(Dataset records)
------------------------------------
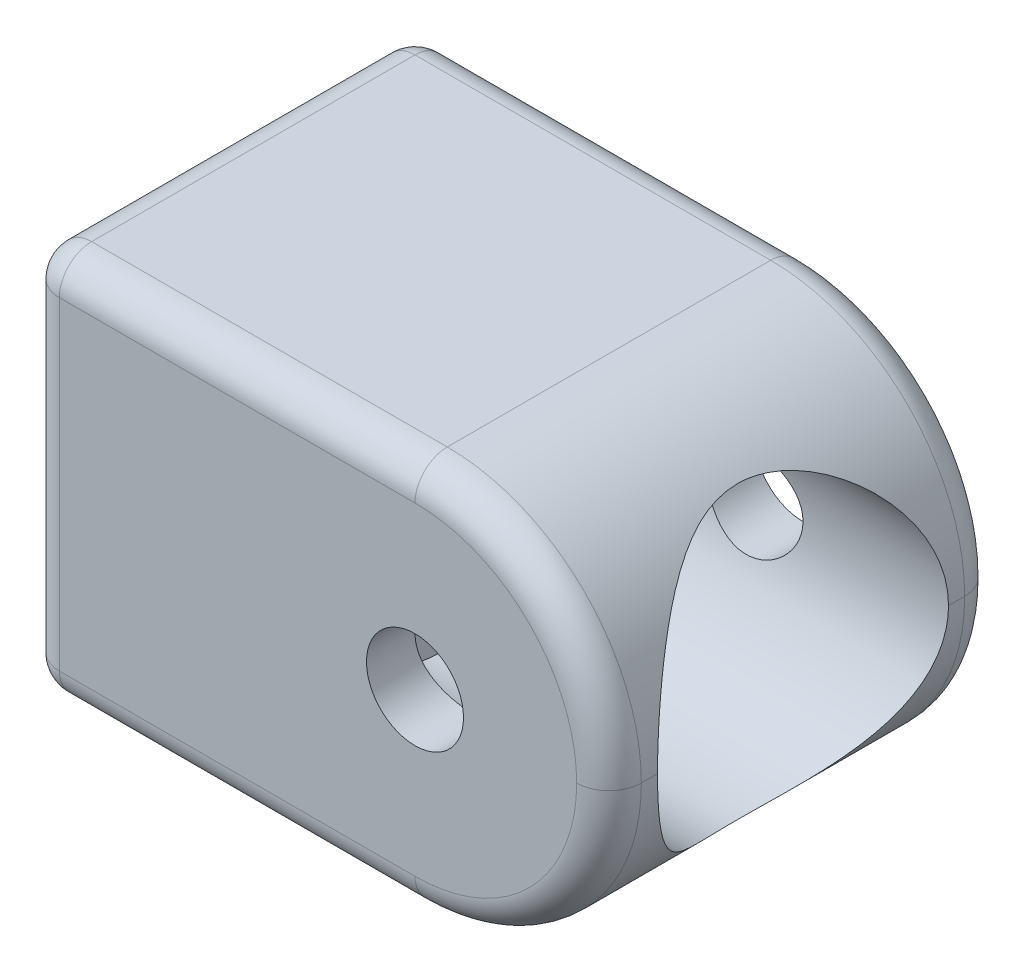
from build123d import *

# Parameters (mm, degrees)
SKETCH1_W           = 38.1
SKETCH1_H           = 25.4
SKETCH1_R           = 3.175
BOSS_EXTRUDE1_DEPTH = 25.4
SKETCH2_R           = 9.525
SKETCH2_R_2         = 5.55625
CUT_EXTRUDE1_DEPTH  = 23.495
SKETCH2_4_R         = 5.55625
CUT_EXTRUDE2_DEPTH  = 48.519048865
FILLET1_DEPTH       = 25.4
FILLET2_R           = 2.116666667


with BuildPart() as part:
    # Sketch1 → Boss-Extrude1 (new body)
    with BuildSketch(Plane.XY):
        with Locations((-6.35, 0)):
            Rectangle(SKETCH1_W, SKETCH1_H)
        Circle(SKETCH1_R, mode=Mode.SUBTRACT)
    extrude(amount=BOSS_EXTRUDE1_DEPTH)

    # Sketch2 → Cut-Extrude1 (cut)
    # profile 1 of 2: a face of its own
    with BuildSketch(Plane(origin=(12.7, 0, 0), x_dir=(0, 0, -1), z_dir=(1, 0, 0))):
        with Locations(Location((-12.7, 0, 0), (0, 0, 90))):
            Circle(SKETCH2_R)
        with Locations((-12.7, 0)):
            Circle(SKETCH2_R_2, mode=Mode.SUBTRACT)
    # profile 2 of 2: a face of its own
    with BuildSketch(Plane(origin=(12.7, 0, 0), x_dir=(0, 0, -1), z_dir=(1, 0, 0))):
        with Locations((-12.7, 0)):
            Circle(SKETCH2_R_2)
    extrude(amount=-CUT_EXTRUDE1_DEPTH, mode=Mode.SUBTRACT)

    # Sketch2<4> → Cut-Extrude2 (cut, through all)
    with BuildSketch(Plane(origin=(12.7, 0, 0), x_dir=(0, 0, -1), z_dir=(1, 0, 0))):
        with Locations(Location((-12.7, 0, 0), (0, 0, 90))):
            Circle(SKETCH2_4_R)
    extrude(amount=-CUT_EXTRUDE2_DEPTH, mode=Mode.SUBTRACT)

    # Fillet1: read off the stored shape, not the designer's step
    # Fillet1 outline → Fillet1 (cut)
    with BuildSketch(Plane.XY):
        with BuildLine():
            Line((12.7, 12.7), (0, 12.7))
            ThreePointArc((0, 12.7), (8.980256121, 8.980256121), (12.7, 0))
            Line((12.7, 0), (12.7, 12.7))
        make_face()
        with BuildLine():
            Line((12.7, -12.7), (12.7, 0))
            ThreePointArc((12.7, 0), (8.980256121, -8.980256121), (0, -12.7))
            Line((0, -12.7), (12.7, -12.7))
        make_face()
    extrude(amount=FILLET1_DEPTH, mode=Mode.SUBTRACT)

    # Fillet2
    fillet2_edges = [part.edges().sort_by_distance(p)[0] for p in [
        (-25.4, 0, 25.4),
        (-12.7, -12.7, 25.4),
        (-12.7, 12.7, 0),
        (8.980256121, 8.980256121, 0),
        (8.980256121, -8.980256121, 0),
        (-12.7, 12.7, 25.4),
        (8.980256121, 8.980256121, 25.4),
        (8.980256121, -8.980256121, 25.4),
        (-12.7, -12.7, 0),
        (-25.4, 0, 0),
        (-25.4, -12.7, 12.7),
        (-25.4, 12.7, 12.7),
    ]]
    fillet(fillet2_edges, radius=FILLET2_R)


solid = part.part
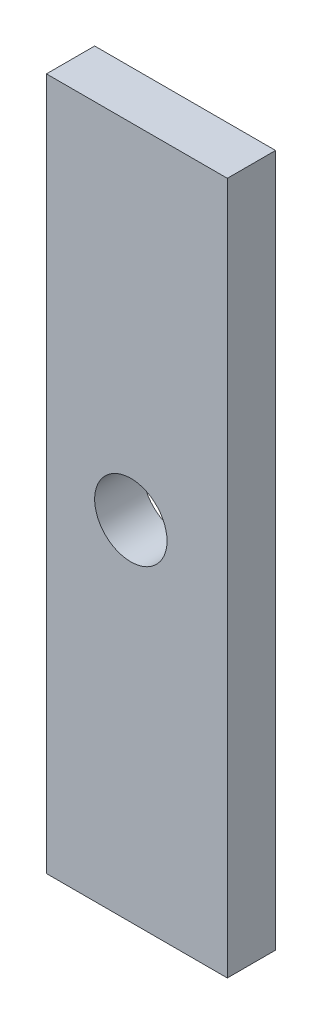
from build123d import *

# Parameters (mm, degrees)
SKETCH1_W           = 7.5
SKETCH1_H           = 28.712969094
SKETCH1_R           = 1.5
BOSS_EXTRUDE1_DEPTH = 2


with BuildPart() as part:
    # Sketch1 → Boss-Extrude1 (new body)
    with BuildSketch(Plane.XY):
        with Locations((0.25, -0.084515453)):
            Rectangle(SKETCH1_W, SKETCH1_H)
        Circle(SKETCH1_R, mode=Mode.SUBTRACT)
    extrude(amount=BOSS_EXTRUDE1_DEPTH)


solid = part.part
------------------------------------
__Assignment__.
Each record is to be written out exactly. No picture goes in.

__Output of the task__.
from build123d import *

# Parameters (mm, degrees)
SKETCH1_W           = 38.1
SKETCH1_H           = 25.4
SKETCH1_R           = 3.175
BOSS_EXTRUDE1_DEPTH = 25.4
SKETCH2_R           = 9.525
SKETCH2_R_2         = 5.55625
CUT_EXTRUDE1_DEPTH  = 23.495
SKETCH2_4_R         = 5.55625
CUT_EXTRUDE2_DEPTH  = 48.519048865
FILLET1_DEPTH       = 25.4
FILLET2_R           = 2.116666667


with BuildPart() as part:
    # Sketch1 → Boss-Extrude1 (new body)
    with BuildSketch(Plane.XY):
        with Locations((-6.35, 0)):
            Rectangle(SKETCH1_W, SKETCH1_H)
        Circle(SKETCH1_R, mode=Mode.SUBTRACT)
    extrude(amount=BOSS_EXTRUDE1_DEPTH)

    # Sketch2 → Cut-Extrude1 (cut)
    # profile 1 of 2: a face of its own
    with BuildSketch(Plane(origin=(12.7, 0, 0), x_dir=(0, 0, -1), z_dir=(1, 0, 0))):
        with Locations(Location((-12.7, 0, 0), (0, 0, 90))):
            Circle(SKETCH2_R)
        with Locations((-12.7, 0)):
            Circle(SKETCH2_R_2, mode=Mode.SUBTRACT)
    # profile 2 of 2: a face of its own
    with BuildSketch(Plane(origin=(12.7, 0, 0), x_dir=(0, 0, -1), z_dir=(1, 0, 0))):
        with Locations((-12.7, 0)):
            Circle(SKETCH2_R_2)
    extrude(amount=-CUT_EXTRUDE1_DEPTH, mode=Mode.SUBTRACT)

    # Sketch2<4> → Cut-Extrude2 (cut, through all)
    with BuildSketch(Plane(origin=(12.7, 0, 0), x_dir=(0, 0, -1), z_dir=(1, 0, 0))):
        with Locations(Location((-12.7, 0, 0), (0, 0, 90))):
            Circle(SKETCH2_4_R)
    extrude(amount=-CUT_EXTRUDE2_DEPTH, mode=Mode.SUBTRACT)

    # Fillet1: read off the stored shape, not the designer's step
    # Fillet1 outline → Fillet1 (cut)
    with BuildSketch(Plane.XY):
        with BuildLine():
            Line((12.7, 12.7), (0, 12.7))
            ThreePointArc((0, 12.7), (8.980256121, 8.980256121), (12.7, 0))
            Line((12.7, 0), (12.7, 12.7))
        make_face()
        with BuildLine():
            Line((12.7, -12.7), (12.7, 0))
            ThreePointArc((12.7, 0), (8.980256121, -8.980256121), (0, -12.7))
            Line((0, -12.7), (12.7, -12.7))
        make_face()
    extrude(amount=FILLET1_DEPTH, mode=Mode.SUBTRACT)

    # Fillet2
    fillet2_edges = [part.edges().sort_by_distance(p)[0] for p in [
        (-25.4, 0, 25.4),
        (-12.7, -12.7, 25.4),
        (-12.7, 12.7, 0),
        (8.980256121, 8.980256121, 0),
        (8.980256121, -8.980256121, 0),
        (-12.7, 12.7, 25.4),
        (8.980256121, 8.980256121, 25.4),
        (8.980256121, -8.980256121, 25.4),
        (-12.7, -12.7, 0),
        (-25.4, 0, 0),
        (-25.4, -12.7, 12.7),
        (-25.4, 12.7, 12.7),
    ]]
    fillet(fillet2_edges, radius=FILLET2_R)


solid = part.part
from build123d import *

# Parameters (mm, degrees)
SKETCH1_W           = 7.5
SKETCH1_H           = 28.712969094
SKETCH1_R           = 1.5
BOSS_EXTRUDE1_DEPTH = 2


with BuildPart() as part:
    # Sketch1 → Boss-Extrude1 (new body)
    with BuildSketch(Plane.XY):
        with Locations((0.25, -0.084515453)):
            Rectangle(SKETCH1_W, SKETCH1_H)
        Circle(SKETCH1_R, mode=Mode.SUBTRACT)
    extrude(amount=BOSS_EXTRUDE1_DEPTH)


solid = part.part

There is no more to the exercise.